§ **Data for this exercise**
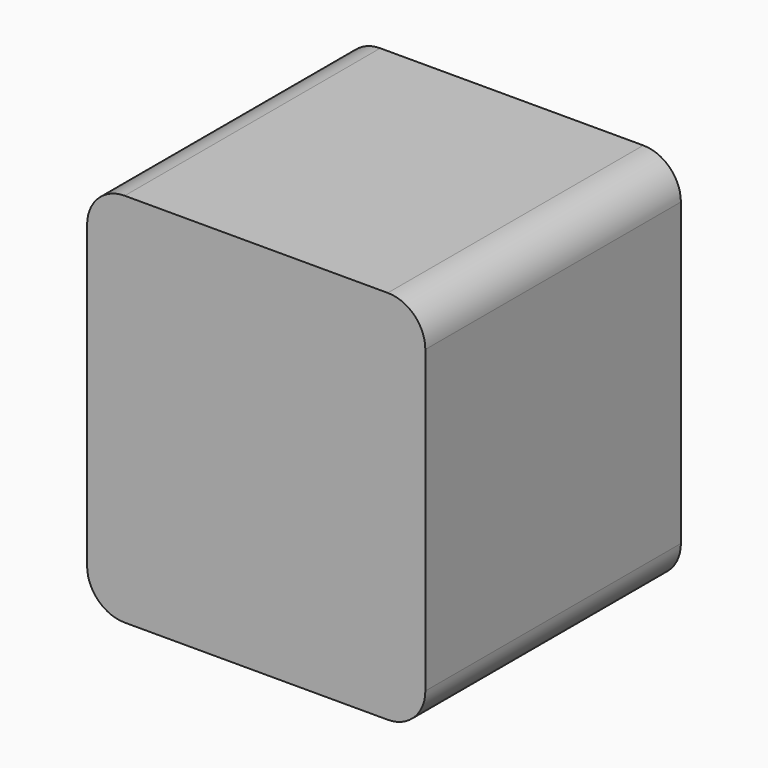
from build123d import *

# Parameters (mm, degrees)
F0_W         = 18
F0_H         = 17
F1_DEPTH     = 20
F2_TEXT_SIZE = 13.6162471285
F3_DEPTH     = 1
F4_TEXT_SIZE = 13.4210716674
F5_DEPTH     = 1
F6_R         = 2


# Not quite as in the source:
# - Text() gives the source's letters only with a copy of the font that has no kerning and outlines rounded to 1/6400 em; it was checked with that copy


with BuildPart() as f1:
    # F0 (on Top) → F1 (new body)
    with BuildSketch(Plane.XY):
        with Locations((-9, 8.5)):
            Rectangle(F0_W, F0_H)
    extrude(amount=F1_DEPTH)

    # F2 (on face) → F3 (cut)
    with BuildSketch(Plane(origin=(0, 17, 0), x_dir=(-1, 0, 0), z_dir=(0, 1, 0))):
        with Locations((1.6068861587, 4.7744796611)):
            Text('18', F2_TEXT_SIZE, font='Open Sans', text_align=(TextAlign.LEFT, TextAlign.BOTTOM))
    extrude(amount=-F3_DEPTH, mode=Mode.SUBTRACT)

    # F4 (on face) → F5 (cut)
    with BuildSketch(Plane(origin=(-18, 0, 0), x_dir=(0, -1, 0), z_dir=(-1, 0, 0))):
        with Locations((-16.3586996496, 5.3555383347)):
            Text('17', F4_TEXT_SIZE, font='Open Sans', text_align=(TextAlign.LEFT, TextAlign.BOTTOM))
    extrude(amount=-F5_DEPTH, mode=Mode.SUBTRACT)

    # F6
    f6_edges = [f1.edges().sort_by_distance(p)[0] for p in [
        (0, 8.5, 0),
        (0, 8.5, 20),
        (-18, 8.5, 0),
        (-18, 8.5, 20),
    ]]
    fillet(f6_edges, radius=F6_R)


solid = f1.part

§ **Task statement**
Using the records given above, list every line that includes the word "origin".

§ **Answer to the exercise**
    with BuildSketch(Plane(origin=(0, 17, 0), x_dir=(-1, 0, 0), z_dir=(0, 1, 0))):
    with BuildSketch(Plane(origin=(-18, 0, 0), x_dir=(0, -1, 0), z_dir=(-1, 0, 0))):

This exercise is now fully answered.